# What happens if caught?



## amoor33 (Jan 21, 2004)

What would happen if someone is caught with these fish in a state where its illegal?
(I know its hard unless your an idiot or sell them in your store but for the average private home owner)

Besides fines, is there jail time?

Also, does each fish you own become a count against you (i.e. 5 fish would be 5 counts of illegal harboring of illegal fish?)


----------



## LukeyDukey (Feb 11, 2004)

I've been wondering the same thing...


----------



## RhomZilla (Feb 12, 2003)

$500 for each fish, disposal fee, county, court, and regular fine for having an illegal fish.


----------



## crownfire (Nov 25, 2003)

Dont worry be happy!

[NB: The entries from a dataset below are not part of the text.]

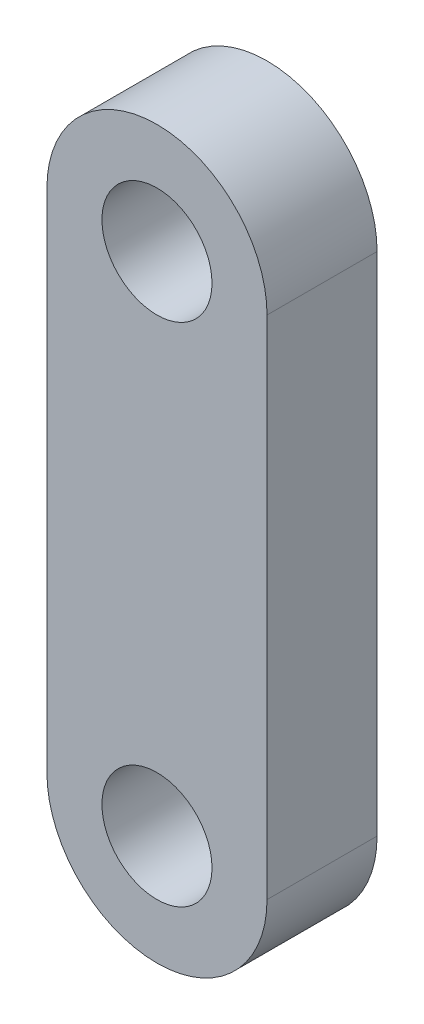
ISO-10303-21;
HEADER;
FILE_DESCRIPTION(('STEP AP214'),'2;1');
FILE_NAME('part.step','',(''),(''),'','','');
FILE_SCHEMA(('AUTOMOTIVE_DESIGN { 1 0 10303 214 1 1 1 1 }'));
ENDSEC;
DATA;
#1=APPLICATION_CONTEXT('core data for automotive mechanical design processes');
#2=APPLICATION_PROTOCOL_DEFINITION('international standard','automotive_design',2000,#1);
#3=PRODUCT_CONTEXT('',#1,'mechanical');
#4=PRODUCT('Part','Part','',(#3));
#5=PRODUCT_RELATED_PRODUCT_CATEGORY('part','',(#4));
#6=PRODUCT_DEFINITION_FORMATION('','',#4);
#7=PRODUCT_DEFINITION_CONTEXT('part definition',#1,'design');
#8=PRODUCT_DEFINITION('design','',#6,#7);
#9=PRODUCT_DEFINITION_SHAPE('','',#8);
#10=(LENGTH_UNIT() NAMED_UNIT(*) SI_UNIT(.MILLI.,.METRE.));
#11=(NAMED_UNIT(*) PLANE_ANGLE_UNIT() SI_UNIT($,.RADIAN.));
#12=(NAMED_UNIT(*) SI_UNIT($,.STERADIAN.) SOLID_ANGLE_UNIT());
#13=UNCERTAINTY_MEASURE_WITH_UNIT(LENGTH_MEASURE(1.E-05),#10,'distance_accuracy_value','');
#14=(GEOMETRIC_REPRESENTATION_CONTEXT(3) GLOBAL_UNCERTAINTY_ASSIGNED_CONTEXT((#13)) GLOBAL_UNIT_ASSIGNED_CONTEXT((#10,
#11,#12)) REPRESENTATION_CONTEXT('',''));
#15=CARTESIAN_POINT('',(0.,0.,0.));
#16=DIRECTION('',(0.,0.,1.));
#17=DIRECTION('',(1.,0.,0.));
#18=AXIS2_PLACEMENT_3D('',#15,#16,#17);
#19=CARTESIAN_POINT('',(0.,0.,2.5));
#20=DIRECTION('',(0.,0.,-1.));
#21=DIRECTION('',(-1.,0.,0.));
#22=AXIS2_PLACEMENT_3D('',#19,#20,#21);
#23=PLANE('',#22);
#24=CARTESIAN_POINT('',(0.,0.,2.5));
#25=DIRECTION('',(0.,0.,1.));
#26=DIRECTION('',(-1.,0.,0.));
#27=AXIS2_PLACEMENT_3D('',#24,#25,#26);
#28=CIRCLE('',#27,5.);
#29=CARTESIAN_POINT('',(-5.,0.,2.5));
#30=VERTEX_POINT('',#29);
#31=CARTESIAN_POINT('',(5.,0.,2.5));
#32=VERTEX_POINT('',#31);
#33=EDGE_CURVE('E87',#30,#32,#28,.T.);
#34=ORIENTED_EDGE('',*,*,#33,.T.);
#35=DIRECTION('',(0.,1.,0.));
#36=VECTOR('',#35,1.);
#37=CARTESIAN_POINT('',(5.,0.,2.5));
#38=LINE('',#37,#36);
#39=CARTESIAN_POINT('',(5.,23.,2.5));
#40=VERTEX_POINT('',#39);
#41=EDGE_CURVE('E82',#32,#40,#38,.T.);
#42=ORIENTED_EDGE('',*,*,#41,.T.);
#43=CARTESIAN_POINT('',(0.,23.,2.5));
#44=DIRECTION('',(0.,0.,1.));
#45=DIRECTION('',(1.,0.,0.));
#46=AXIS2_PLACEMENT_3D('',#43,#44,#45);
#47=CIRCLE('',#46,5.);
#48=CARTESIAN_POINT('',(-5.,23.,2.5));
#49=VERTEX_POINT('',#48);
#50=EDGE_CURVE('E85',#40,#49,#47,.T.);
#51=ORIENTED_EDGE('',*,*,#50,.T.);
#52=DIRECTION('',(0.,-1.,0.));
#53=VECTOR('',#52,1.);
#54=CARTESIAN_POINT('',(-5.,0.,2.5));
#55=LINE('',#54,#53);
#56=EDGE_CURVE('E52',#49,#30,#55,.T.);
#57=ORIENTED_EDGE('',*,*,#56,.T.);
#58=EDGE_LOOP('',(#34,#42,#51,#57));
#59=FACE_BOUND('',#58,.T.);
#60=CARTESIAN_POINT('',(0.,0.,2.5));
#61=DIRECTION('',(0.,0.,1.));
#62=DIRECTION('',(1.,0.,0.));
#63=AXIS2_PLACEMENT_3D('',#60,#61,#62);
#64=CIRCLE('',#63,2.5);
#65=CARTESIAN_POINT('',(2.5,0.,2.5));
#66=VERTEX_POINT('',#65);
#67=EDGE_CURVE('E102',#66,#66,#64,.T.);
#68=ORIENTED_EDGE('',*,*,#67,.F.);
#69=EDGE_LOOP('',(#68));
#70=FACE_BOUND('',#69,.T.);
#71=CARTESIAN_POINT('',(0.,23.,2.5));
#72=DIRECTION('',(0.,0.,1.));
#73=DIRECTION('',(1.,0.,0.));
#74=AXIS2_PLACEMENT_3D('',#71,#72,#73);
#75=CIRCLE('',#74,2.5);
#76=CARTESIAN_POINT('',(2.5,23.,2.5));
#77=VERTEX_POINT('',#76);
#78=EDGE_CURVE('E117',#77,#77,#75,.T.);
#79=ORIENTED_EDGE('',*,*,#78,.F.);
#80=EDGE_LOOP('',(#79));
#81=FACE_BOUND('',#80,.T.);
#82=ADVANCED_FACE('F35',(#59,#70,#81),#23,.F.);
#83=CARTESIAN_POINT('',(0.,0.,-2.5));
#84=DIRECTION('',(0.,0.,-1.));
#85=DIRECTION('',(-1.,0.,0.));
#86=AXIS2_PLACEMENT_3D('',#83,#84,#85);
#87=PLANE('',#86);
#88=CARTESIAN_POINT('',(0.,0.,-2.5));
#89=DIRECTION('',(0.,0.,1.));
#90=DIRECTION('',(1.,0.,0.));
#91=AXIS2_PLACEMENT_3D('',#88,#89,#90);
#92=CIRCLE('',#91,2.5);
#93=CARTESIAN_POINT('',(2.5,0.,-2.5));
#94=VERTEX_POINT('',#93);
#95=EDGE_CURVE('E114',#94,#94,#92,.T.);
#96=ORIENTED_EDGE('',*,*,#95,.T.);
#97=EDGE_LOOP('',(#96));
#98=FACE_BOUND('',#97,.T.);
#99=CARTESIAN_POINT('',(0.,0.,-2.5));
#100=DIRECTION('',(0.,0.,1.));
#101=DIRECTION('',(-1.,0.,0.));
#102=AXIS2_PLACEMENT_3D('',#99,#100,#101);
#103=CIRCLE('',#102,5.);
#104=CARTESIAN_POINT('',(-5.,0.,-2.5));
#105=VERTEX_POINT('',#104);
#106=CARTESIAN_POINT('',(5.,0.,-2.5));
#107=VERTEX_POINT('',#106);
#108=EDGE_CURVE('E99',#105,#107,#103,.T.);
#109=ORIENTED_EDGE('',*,*,#108,.F.);
#110=DIRECTION('',(0.,-1.,0.));
#111=VECTOR('',#110,1.);
#112=CARTESIAN_POINT('',(-5.,0.,-2.5));
#113=LINE('',#112,#111);
#114=CARTESIAN_POINT('',(-5.,23.,-2.5));
#115=VERTEX_POINT('',#114);
#116=EDGE_CURVE('E75',#115,#105,#113,.T.);
#117=ORIENTED_EDGE('',*,*,#116,.F.);
#118=CARTESIAN_POINT('',(0.,23.,-2.5));
#119=DIRECTION('',(0.,0.,1.));
#120=DIRECTION('',(1.,0.,0.));
#121=AXIS2_PLACEMENT_3D('',#118,#119,#120);
#122=CIRCLE('',#121,5.);
#123=CARTESIAN_POINT('',(5.,23.,-2.5));
#124=VERTEX_POINT('',#123);
#125=EDGE_CURVE('E69',#124,#115,#122,.T.);
#126=ORIENTED_EDGE('',*,*,#125,.F.);
#127=DIRECTION('',(0.,1.,0.));
#128=VECTOR('',#127,1.);
#129=CARTESIAN_POINT('',(5.,0.,-2.5));
#130=LINE('',#129,#128);
#131=EDGE_CURVE('E91',#107,#124,#130,.T.);
#132=ORIENTED_EDGE('',*,*,#131,.F.);
#133=EDGE_LOOP('',(#109,#117,#126,#132));
#134=FACE_BOUND('',#133,.T.);
#135=CARTESIAN_POINT('',(0.,23.,-2.5));
#136=DIRECTION('',(0.,0.,1.));
#137=DIRECTION('',(1.,0.,0.));
#138=AXIS2_PLACEMENT_3D('',#135,#136,#137);
#139=CIRCLE('',#138,2.5);
#140=CARTESIAN_POINT('',(2.5,23.,-2.5));
#141=VERTEX_POINT('',#140);
#142=EDGE_CURVE('E120',#141,#141,#139,.T.);
#143=ORIENTED_EDGE('',*,*,#142,.T.);
#144=EDGE_LOOP('',(#143));
#145=FACE_BOUND('',#144,.T.);
#146=ADVANCED_FACE('F110',(#98,#134,#145),#87,.T.);
#147=CARTESIAN_POINT('',(0.,0.,2.5));
#148=DIRECTION('',(0.,0.,-1.));
#149=DIRECTION('',(-1.,0.,0.));
#150=AXIS2_PLACEMENT_3D('',#147,#148,#149);
#151=CYLINDRICAL_SURFACE('',#150,5.);
#152=ORIENTED_EDGE('',*,*,#108,.T.);
#153=DIRECTION('',(0.,0.,-1.));
#154=VECTOR('',#153,1.);
#155=CARTESIAN_POINT('',(5.,0.,2.5));
#156=LINE('',#155,#154);
#157=EDGE_CURVE('E11',#32,#107,#156,.T.);
#158=ORIENTED_EDGE('',*,*,#157,.F.);
#159=ORIENTED_EDGE('',*,*,#33,.F.);
#160=DIRECTION('',(0.,0.,-1.));
#161=VECTOR('',#160,1.);
#162=CARTESIAN_POINT('',(-5.,0.,2.5));
#163=LINE('',#162,#161);
#164=EDGE_CURVE('E95',#30,#105,#163,.T.);
#165=ORIENTED_EDGE('',*,*,#164,.T.);
#166=EDGE_LOOP('',(#152,#158,#159,#165));
#167=FACE_BOUND('',#166,.T.);
#168=ADVANCED_FACE('F37',(#167),#151,.T.);
#169=CARTESIAN_POINT('',(5.,0.,2.5));
#170=DIRECTION('',(-1.,0.,0.));
#171=DIRECTION('',(0.,0.,1.));
#172=AXIS2_PLACEMENT_3D('',#169,#170,#171);
#173=PLANE('',#172);
#174=ORIENTED_EDGE('',*,*,#131,.T.);
#175=DIRECTION('',(0.,0.,-1.));
#176=VECTOR('',#175,1.);
#177=CARTESIAN_POINT('',(5.,23.,2.5));
#178=LINE('',#177,#176);
#179=EDGE_CURVE('E44',#40,#124,#178,.T.);
#180=ORIENTED_EDGE('',*,*,#179,.F.);
#181=ORIENTED_EDGE('',*,*,#41,.F.);
#182=ORIENTED_EDGE('',*,*,#157,.T.);
#183=EDGE_LOOP('',(#174,#180,#181,#182));
#184=FACE_BOUND('',#183,.T.);
#185=ADVANCED_FACE('F90',(#184),#173,.F.);
#186=CARTESIAN_POINT('',(0.,23.,2.5));
#187=DIRECTION('',(0.,0.,-1.));
#188=DIRECTION('',(-1.,0.,0.));
#189=AXIS2_PLACEMENT_3D('',#186,#187,#188);
#190=CYLINDRICAL_SURFACE('',#189,5.);
#191=ORIENTED_EDGE('',*,*,#125,.T.);
#192=DIRECTION('',(0.,0.,-1.));
#193=VECTOR('',#192,1.);
#194=CARTESIAN_POINT('',(-5.,23.,2.5));
#195=LINE('',#194,#193);
#196=EDGE_CURVE('E92',#49,#115,#195,.T.);
#197=ORIENTED_EDGE('',*,*,#196,.F.);
#198=ORIENTED_EDGE('',*,*,#50,.F.);
#199=ORIENTED_EDGE('',*,*,#179,.T.);
#200=EDGE_LOOP('',(#191,#197,#198,#199));
#201=FACE_BOUND('',#200,.T.);
#202=ADVANCED_FACE('F93',(#201),#190,.T.);
#203=CARTESIAN_POINT('',(-5.,0.,2.5));
#204=DIRECTION('',(1.,0.,0.));
#205=DIRECTION('',(0.,0.,-1.));
#206=AXIS2_PLACEMENT_3D('',#203,#204,#205);
#207=PLANE('',#206);
#208=ORIENTED_EDGE('',*,*,#116,.T.);
#209=ORIENTED_EDGE('',*,*,#164,.F.);
#210=ORIENTED_EDGE('',*,*,#56,.F.);
#211=ORIENTED_EDGE('',*,*,#196,.T.);
#212=EDGE_LOOP('',(#208,#209,#210,#211));
#213=FACE_BOUND('',#212,.T.);
#214=ADVANCED_FACE('F107',(#213),#207,.F.);
#215=CARTESIAN_POINT('',(0.,0.,2.5));
#216=DIRECTION('',(0.,0.,-1.));
#217=DIRECTION('',(-1.,0.,0.));
#218=AXIS2_PLACEMENT_3D('',#215,#216,#217);
#219=CYLINDRICAL_SURFACE('',#218,2.5);
#220=ORIENTED_EDGE('',*,*,#67,.T.);
#221=EDGE_LOOP('',(#220));
#222=FACE_BOUND('',#221,.T.);
#223=ORIENTED_EDGE('',*,*,#95,.F.);
#224=EDGE_LOOP('',(#223));
#225=FACE_BOUND('',#224,.T.);
#226=ADVANCED_FACE('F137',(#222,#225),#219,.F.);
#227=CARTESIAN_POINT('',(0.,23.,2.5));
#228=DIRECTION('',(0.,0.,-1.));
#229=DIRECTION('',(-1.,0.,0.));
#230=AXIS2_PLACEMENT_3D('',#227,#228,#229);
#231=CYLINDRICAL_SURFACE('',#230,2.5);
#232=ORIENTED_EDGE('',*,*,#78,.T.);
#233=EDGE_LOOP('',(#232));
#234=FACE_BOUND('',#233,.T.);
#235=ORIENTED_EDGE('',*,*,#142,.F.);
#236=EDGE_LOOP('',(#235));
#237=FACE_BOUND('',#236,.T.);
#238=ADVANCED_FACE('F126',(#234,#237),#231,.F.);
#239=CLOSED_SHELL('',(#82,#146,#168,#185,#202,#214,#226,#238));
#240=MANIFOLD_SOLID_BREP('B2',#239);
#241=ADVANCED_BREP_SHAPE_REPRESENTATION('',(#18,#240),#14);
#242=SHAPE_DEFINITION_REPRESENTATION(#9,#241);
ENDSEC;
END-ISO-10303-21;

If they try to dispose of mine they can have em after they pry my gun out of my cold dead fingers!


----------



## CrocKeeper (Dec 26, 2003)

Each State has different regs, as well as many counties having regs, and municipalities having regs, so in states like CA, AZ or TX (just three examples), you could face multiple jurisdictional charges, then there is the federal potential through elements such as the Lacey Act....and depending the situation you could face serious fines, possible jail time, or as little as minimal fines and probation...depends on the agaency pursuing the charges, the mood they are in, and the political climate at the time...


----------



## andymel (Oct 27, 2003)

20 lashes with a stick for each p you own!


----------



## rufus (Jan 6, 2004)

Each state is different, most likely a hefty fine and court. I'm not condoning owing a p in a illegal state, but the chances of you being caught are slim. You aren't the only one in a red state.


----------



## MR HARLEY (Aug 12, 2003)

rufus said:


> Each state is different, most likely a hefty fine and court. I'm not condoning owing a p in a illegal state, but the chances of you being caught are slim. You aren't the only one in a red state.


----------



## kozmo (Sep 4, 2003)

to get caught you would have to be pretty stupid since the cops are not going to be busting down anyones door to find some stinking fish








I think you would have to be selling them to really get busted.


----------



## micus (Jan 7, 2004)

u tell em that its a u have a shoal of pacus


----------



## amoor33 (Jan 21, 2004)

micus said:


> u tell em that its a u have a shoal of pacus


 To bad my "pacus" got some sharp as teeth there buddy


----------



## Hypergenix (Dec 17, 2003)

I heard its ok if you have it for commerical use but you cant sell them tho...


----------



## IDONTKARE47 (Jan 5, 2004)

andymel said:


> 20 lashes with a stick for each p you own!


 hahahahaha
wish that is just it


----------



## ike229 (Jan 12, 2004)

I wouldnt worry about it. Most cops have (or should have) better things to do, than bust you for some fish. Unless you have hundreds of them, and are selling them, you should be fine.

Also in an illegal state


----------



## amoor33 (Jan 21, 2004)

Its not so much cops, but fish and game dept. Im sayin if someone rats you out like a neighbor, fish and game must come with cops who HAVE a warrant to search, right?


----------